Поэтому пока сам образ подлинной России открывается не всем, не скопом, не в транспарантах площадных — а в индивидуальном мистическом видении Никиты, человека, решившегося на приобщение к миру, на общение с людьми своей страны, на подвиг честного частного дела по спасению хотя бы малых одушевленных частичек огромной российской души. Сама душа эта и является ему в финале романа — в образе посмертно обретшей свой истинный, от цвета волос до характера, облик возлюбленной Яси. Потому что Россия будущего и есть — распрямившееся, избавившееся от искажений, истинного цвета пространство, где все люди наконец совпадут с собой и друг с другом, и реальность, от которой отреклись, будет прощена и принята: «Все вдруг разрешилось. Переломанные судьбы срослись. Вывихнутые души встали на место. Тот, кто искал любовь, — ее нашел. Тот, кто хотел свободы, — получил свободу. Даже беды и боль осознались как мосты, ведущие в счастье. И были прощены. И люди, почти неразличимые раньше сквозь суету каких-то ненужных, посторонних им движений, вдруг замерли и стали собой».

Семнадцатый год и его отраженное повторение-реванш в девяностых выглядят теперь пробой судьбы. Ошибившись в шаге длиною в век, мы как будто вернулись на исходную позицию.

Век серебряный потому и глуше цветом, как бы сомнительней золотого, что ощущает себя расцветающим не к месту и не ко времени, призванным — и обманутым историей. Он прозревает неизбежность прихода Большого Скифа…

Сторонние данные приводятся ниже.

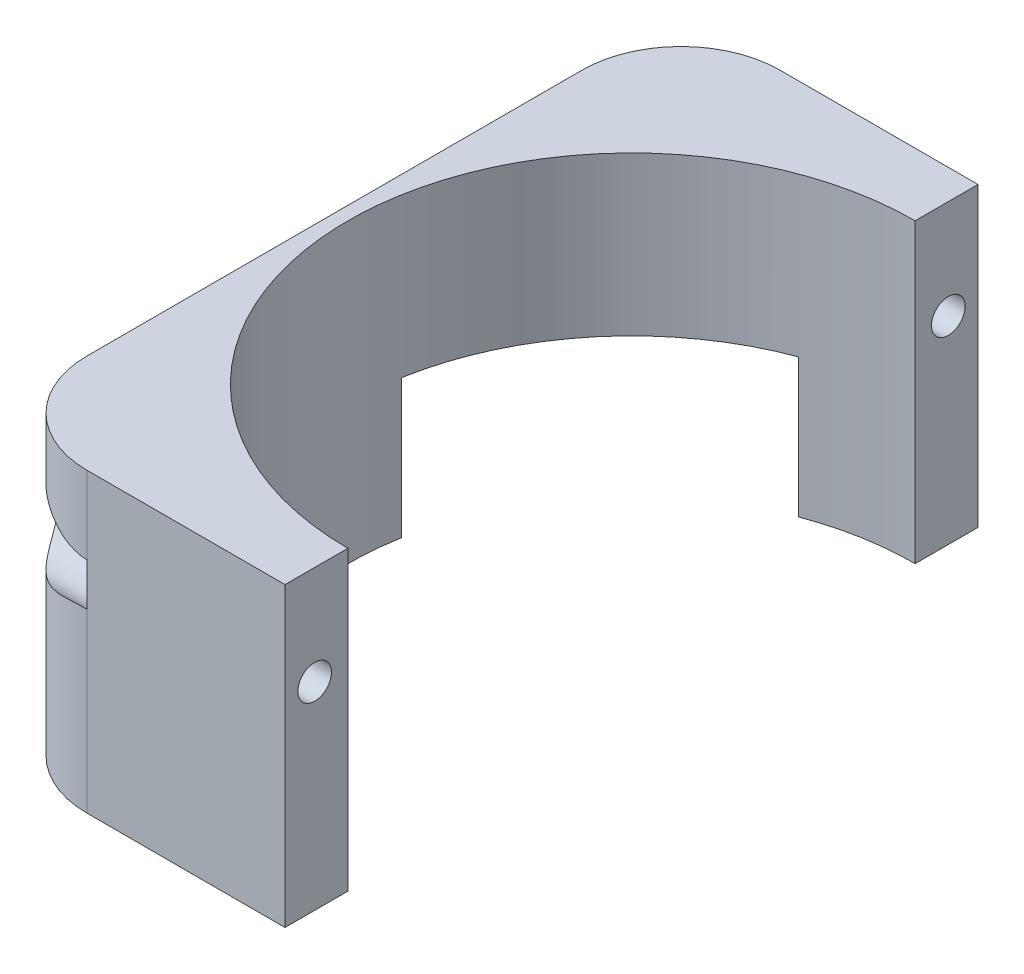
ISO-10303-21;
HEADER;
FILE_DESCRIPTION(('STEP AP214'),'2;1');
FILE_NAME('part.step','',(''),(''),'','','');
FILE_SCHEMA(('AUTOMOTIVE_DESIGN { 1 0 10303 214 1 1 1 1 }'));
ENDSEC;
DATA;
#1=APPLICATION_CONTEXT('core data for automotive mechanical design processes');
#2=APPLICATION_PROTOCOL_DEFINITION('international standard','automotive_design',2000,#1);
#3=PRODUCT_CONTEXT('',#1,'mechanical');
#4=PRODUCT('Part','Part','',(#3));
#5=PRODUCT_RELATED_PRODUCT_CATEGORY('part','',(#4));
#6=PRODUCT_DEFINITION_FORMATION('','',#4);
#7=PRODUCT_DEFINITION_CONTEXT('part definition',#1,'design');
#8=PRODUCT_DEFINITION('design','',#6,#7);
#9=PRODUCT_DEFINITION_SHAPE('','',#8);
#10=(LENGTH_UNIT() NAMED_UNIT(*) SI_UNIT(.MILLI.,.METRE.));
#11=(NAMED_UNIT(*) PLANE_ANGLE_UNIT() SI_UNIT($,.RADIAN.));
#12=(NAMED_UNIT(*) SI_UNIT($,.STERADIAN.) SOLID_ANGLE_UNIT());
#13=UNCERTAINTY_MEASURE_WITH_UNIT(LENGTH_MEASURE(1.E-05),#10,'distance_accuracy_value','');
#14=(GEOMETRIC_REPRESENTATION_CONTEXT(3) GLOBAL_UNCERTAINTY_ASSIGNED_CONTEXT((#13)) GLOBAL_UNIT_ASSIGNED_CONTEXT((#10,
#11,#12)) REPRESENTATION_CONTEXT('',''));
#15=CARTESIAN_POINT('',(0.,0.,0.));
#16=DIRECTION('',(0.,0.,1.));
#17=DIRECTION('',(1.,0.,0.));
#18=AXIS2_PLACEMENT_3D('',#15,#16,#17);
#19=CARTESIAN_POINT('',(-40.,20.,32.));
#20=DIRECTION('',(1.,0.,0.));
#21=DIRECTION('',(0.,0.,-1.));
#22=AXIS2_PLACEMENT_3D('',#19,#20,#21);
#23=CYLINDRICAL_SURFACE('',#22,1.7);
#24=CARTESIAN_POINT('',(0.,20.,32.));
#25=DIRECTION('',(1.,0.,0.));
#26=DIRECTION('',(0.,0.,-1.));
#27=AXIS2_PLACEMENT_3D('',#24,#25,#26);
#28=CIRCLE('',#27,1.7);
#29=CARTESIAN_POINT('',(0.,20.,30.3));
#30=VERTEX_POINT('',#29);
#31=EDGE_CURVE('E214',#30,#30,#28,.T.);
#32=ORIENTED_EDGE('',*,*,#31,.T.);
#33=EDGE_LOOP('',(#32));
#34=FACE_BOUND('',#33,.T.);
#35=CARTESIAN_POINT('',(-20.,20.,32.));
#36=DIRECTION('',(-1.,0.,0.));
#37=DIRECTION('',(0.,0.,1.));
#38=AXIS2_PLACEMENT_3D('',#35,#36,#37);
#39=CIRCLE('',#38,1.7);
#40=CARTESIAN_POINT('',(-20.,20.,33.7));
#41=VERTEX_POINT('',#40);
#42=EDGE_CURVE('E174',#41,#41,#39,.F.);
#43=ORIENTED_EDGE('',*,*,#42,.F.);
#44=EDGE_LOOP('',(#43));
#45=FACE_BOUND('',#44,.T.);
#46=ADVANCED_FACE('F38',(#34,#45),#23,.F.);
#47=CARTESIAN_POINT('',(-40.,20.,-32.));
#48=DIRECTION('',(1.,0.,0.));
#49=DIRECTION('',(0.,0.,-1.));
#50=AXIS2_PLACEMENT_3D('',#47,#48,#49);
#51=CYLINDRICAL_SURFACE('',#50,1.7);
#52=CARTESIAN_POINT('',(0.,20.,-32.));
#53=DIRECTION('',(1.,0.,0.));
#54=DIRECTION('',(0.,0.,-1.));
#55=AXIS2_PLACEMENT_3D('',#52,#53,#54);
#56=CIRCLE('',#55,1.7);
#57=CARTESIAN_POINT('',(0.,20.,-33.7));
#58=VERTEX_POINT('',#57);
#59=EDGE_CURVE('E224',#58,#58,#56,.T.);
#60=ORIENTED_EDGE('',*,*,#59,.T.);
#61=EDGE_LOOP('',(#60));
#62=FACE_BOUND('',#61,.T.);
#63=CARTESIAN_POINT('',(-20.,20.,-32.));
#64=DIRECTION('',(-1.,0.,0.));
#65=DIRECTION('',(0.,0.,1.));
#66=AXIS2_PLACEMENT_3D('',#63,#64,#65);
#67=CIRCLE('',#66,1.7);
#68=CARTESIAN_POINT('',(-20.,20.,-30.3));
#69=VERTEX_POINT('',#68);
#70=EDGE_CURVE('E188',#69,#69,#67,.F.);
#71=ORIENTED_EDGE('',*,*,#70,.F.);
#72=EDGE_LOOP('',(#71));
#73=FACE_BOUND('',#72,.T.);
#74=ADVANCED_FACE('F328',(#62,#73),#51,.F.);
#75=CARTESIAN_POINT('',(0.,0.,0.));
#76=DIRECTION('',(0.,1.,0.));
#77=DIRECTION('',(0.,0.,1.));
#78=AXIS2_PLACEMENT_3D('',#75,#76,#77);
#79=PLANE('',#78);
#80=DIRECTION('',(1.,0.,0.));
#81=VECTOR('',#80,1.);
#82=CARTESIAN_POINT('',(-30.,0.,35.));
#83=LINE('',#82,#81);
#84=CARTESIAN_POINT('',(-20.,0.,35.));
#85=VERTEX_POINT('',#84);
#86=CARTESIAN_POINT('',(0.,0.,35.));
#87=VERTEX_POINT('',#86);
#88=EDGE_CURVE('E259',#85,#87,#83,.T.);
#89=ORIENTED_EDGE('',*,*,#88,.F.);
#90=CARTESIAN_POINT('',(-20.,0.,25.));
#91=DIRECTION('',(0.,1.,0.));
#92=DIRECTION('',(0.,0.,1.));
#93=AXIS2_PLACEMENT_3D('',#90,#91,#92);
#94=CIRCLE('',#93,10.);
#95=CARTESIAN_POINT('',(-30.,0.,25.));
#96=VERTEX_POINT('',#95);
#97=EDGE_CURVE('E157',#85,#96,#94,.F.);
#98=ORIENTED_EDGE('',*,*,#97,.T.);
#99=DIRECTION('',(0.,0.,1.));
#100=VECTOR('',#99,1.);
#101=CARTESIAN_POINT('',(-30.,0.,-35.));
#102=LINE('',#101,#100);
#103=CARTESIAN_POINT('',(-30.,0.,-5.00000000000002));
#104=VERTEX_POINT('',#103);
#105=EDGE_CURVE('E269',#104,#96,#102,.T.);
#106=ORIENTED_EDGE('',*,*,#105,.F.);
#107=DIRECTION('',(-1.,0.,0.));
#108=VECTOR('',#107,1.);
#109=CARTESIAN_POINT('',(-30.,0.,-5.00000000000002));
#110=LINE('',#109,#108);
#111=CARTESIAN_POINT('',(-28.2103261236023,0.,-5.00000000000002));
#112=VERTEX_POINT('',#111);
#113=EDGE_CURVE('E202',#112,#104,#110,.T.);
#114=ORIENTED_EDGE('',*,*,#113,.F.);
#115=CARTESIAN_POINT('',(0.,0.,0.));
#116=DIRECTION('',(0.,1.,0.));
#117=DIRECTION('',(0.,0.,1.));
#118=AXIS2_PLACEMENT_3D('',#115,#116,#117);
#119=CIRCLE('',#118,28.65);
#120=CARTESIAN_POINT('',(0.,0.,28.65));
#121=VERTEX_POINT('',#120);
#122=EDGE_CURVE('E245',#112,#121,#119,.T.);
#123=ORIENTED_EDGE('',*,*,#122,.T.);
#124=DIRECTION('',(0.,0.,1.));
#125=VECTOR('',#124,1.);
#126=CARTESIAN_POINT('',(0.,0.,-46.2261777715974));
#127=LINE('',#126,#125);
#128=EDGE_CURVE('E229',#121,#87,#127,.T.);
#129=ORIENTED_EDGE('',*,*,#128,.T.);
#130=EDGE_LOOP('',(#89,#98,#106,#114,#123,#129));
#131=FACE_BOUND('',#130,.T.);
#132=ADVANCED_FACE('F332',(#131),#79,.F.);
#133=CARTESIAN_POINT('',(0.,30.,0.));
#134=DIRECTION('',(0.,1.,0.));
#135=DIRECTION('',(0.,0.,1.));
#136=AXIS2_PLACEMENT_3D('',#133,#134,#135);
#137=PLANE('',#136);
#138=DIRECTION('',(0.,0.,1.));
#139=VECTOR('',#138,1.);
#140=CARTESIAN_POINT('',(-30.,30.,-35.));
#141=LINE('',#140,#139);
#142=CARTESIAN_POINT('',(-30.,30.,-25.));
#143=VERTEX_POINT('',#142);
#144=CARTESIAN_POINT('',(-30.,30.,25.));
#145=VERTEX_POINT('',#144);
#146=EDGE_CURVE('E258',#143,#145,#141,.T.);
#147=ORIENTED_EDGE('',*,*,#146,.T.);
#148=CARTESIAN_POINT('',(-20.,30.,25.));
#149=DIRECTION('',(0.,1.,0.));
#150=DIRECTION('',(0.,0.,1.));
#151=AXIS2_PLACEMENT_3D('',#148,#149,#150);
#152=CIRCLE('',#151,10.);
#153=CARTESIAN_POINT('',(-20.,30.,35.));
#154=VERTEX_POINT('',#153);
#155=EDGE_CURVE('E373',#145,#154,#152,.T.);
#156=ORIENTED_EDGE('',*,*,#155,.T.);
#157=DIRECTION('',(1.,0.,0.));
#158=VECTOR('',#157,1.);
#159=CARTESIAN_POINT('',(-30.,30.,35.));
#160=LINE('',#159,#158);
#161=CARTESIAN_POINT('',(0.,30.,35.));
#162=VERTEX_POINT('',#161);
#163=EDGE_CURVE('E166',#154,#162,#160,.T.);
#164=ORIENTED_EDGE('',*,*,#163,.T.);
#165=DIRECTION('',(0.,0.,1.));
#166=VECTOR('',#165,1.);
#167=CARTESIAN_POINT('',(0.,30.,-46.2261777715974));
#168=LINE('',#167,#166);
#169=CARTESIAN_POINT('',(0.,30.,28.65));
#170=VERTEX_POINT('',#169);
#171=EDGE_CURVE('E228',#170,#162,#168,.T.);
#172=ORIENTED_EDGE('',*,*,#171,.F.);
#173=CARTESIAN_POINT('',(0.,30.,0.));
#174=DIRECTION('',(0.,1.,0.));
#175=DIRECTION('',(0.,0.,1.));
#176=AXIS2_PLACEMENT_3D('',#173,#174,#175);
#177=CIRCLE('',#176,28.65);
#178=CARTESIAN_POINT('',(0.,30.,-28.65));
#179=VERTEX_POINT('',#178);
#180=EDGE_CURVE('E246',#179,#170,#177,.T.);
#181=ORIENTED_EDGE('',*,*,#180,.F.);
#182=CARTESIAN_POINT('',(0.,30.,-35.));
#183=VERTEX_POINT('',#182);
#184=EDGE_CURVE('E234',#183,#179,#168,.T.);
#185=ORIENTED_EDGE('',*,*,#184,.F.);
#186=DIRECTION('',(-1.,0.,0.));
#187=VECTOR('',#186,1.);
#188=CARTESIAN_POINT('',(-30.,30.,-35.));
#189=LINE('',#188,#187);
#190=CARTESIAN_POINT('',(-20.,30.,-35.));
#191=VERTEX_POINT('',#190);
#192=EDGE_CURVE('E255',#183,#191,#189,.T.);
#193=ORIENTED_EDGE('',*,*,#192,.T.);
#194=CARTESIAN_POINT('',(-20.,30.,-25.));
#195=DIRECTION('',(0.,1.,0.));
#196=DIRECTION('',(0.,0.,1.));
#197=AXIS2_PLACEMENT_3D('',#194,#195,#196);
#198=CIRCLE('',#197,10.);
#199=EDGE_CURVE('E376',#191,#143,#198,.T.);
#200=ORIENTED_EDGE('',*,*,#199,.T.);
#201=EDGE_LOOP('',(#147,#156,#164,#172,#181,#185,#193,#200));
#202=FACE_BOUND('',#201,.T.);
#203=ADVANCED_FACE('F342',(#202),#137,.T.);
#204=CARTESIAN_POINT('',(0.,0.,-28.65));
#205=VERTEX_POINT('',#204);
#206=CARTESIAN_POINT('',(-9.99999999999999,0.,-26.8481377380257));
#207=VERTEX_POINT('',#206);
#208=EDGE_CURVE('E251',#205,#207,#119,.T.);
#209=ORIENTED_EDGE('',*,*,#208,.T.);
#210=DIRECTION('',(0.,0.,-1.));
#211=VECTOR('',#210,1.);
#212=CARTESIAN_POINT('',(-9.99999999999999,0.,-5.00000000000002));
#213=LINE('',#212,#211);
#214=CARTESIAN_POINT('',(-9.99999999999999,0.,-35.));
#215=VERTEX_POINT('',#214);
#216=EDGE_CURVE('E210',#207,#215,#213,.T.);
#217=ORIENTED_EDGE('',*,*,#216,.T.);
#218=DIRECTION('',(-1.,0.,0.));
#219=VECTOR('',#218,1.);
#220=CARTESIAN_POINT('',(-30.,0.,-35.));
#221=LINE('',#220,#219);
#222=CARTESIAN_POINT('',(0.,0.,-35.));
#223=VERTEX_POINT('',#222);
#224=EDGE_CURVE('E250',#223,#215,#221,.T.);
#225=ORIENTED_EDGE('',*,*,#224,.F.);
#226=EDGE_CURVE('E233',#223,#205,#127,.T.);
#227=ORIENTED_EDGE('',*,*,#226,.T.);
#228=EDGE_LOOP('',(#209,#217,#225,#227));
#229=FACE_BOUND('',#228,.T.);
#230=ADVANCED_FACE('F345',(#229),#79,.F.);
#231=CARTESIAN_POINT('',(-30.,30.,-35.));
#232=DIRECTION('',(0.,0.,1.));
#233=DIRECTION('',(1.,0.,0.));
#234=AXIS2_PLACEMENT_3D('',#231,#232,#233);
#235=PLANE('',#234);
#236=DIRECTION('',(1.,0.,0.));
#237=VECTOR('',#236,1.);
#238=CARTESIAN_POINT('',(-30.,14.,-35.));
#239=LINE('',#238,#237);
#240=CARTESIAN_POINT('',(-20.,14.,-35.));
#241=VERTEX_POINT('',#240);
#242=CARTESIAN_POINT('',(-9.99999999999999,14.,-35.));
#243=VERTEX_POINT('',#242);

«В этих покуда не обжитых, вполне бессмысленных, диких краях за перевалом тысячелетия» обнаруживает русское общество Евгений Ермолин в своей статье-манифесте «Человек из России», посвященной творчеству В. Пьецуха и, благодаря предмету размышления, ставшей для критика поводом обосновать свое восприятие нынешнего лика отечества («Октябрь». 2006. № 9). Но «дикость» — это не только просвечивающее через салонный снежок культуры тление бурой степи, не только «примитивизация культурного ландшафта в теряющей свой смысл стране» (Ермолин). «Дикость» — еще и сброс ошибок культуры, возвращение на позиции чистой возможности старта с уже нажитым знанием об ошибочных путях.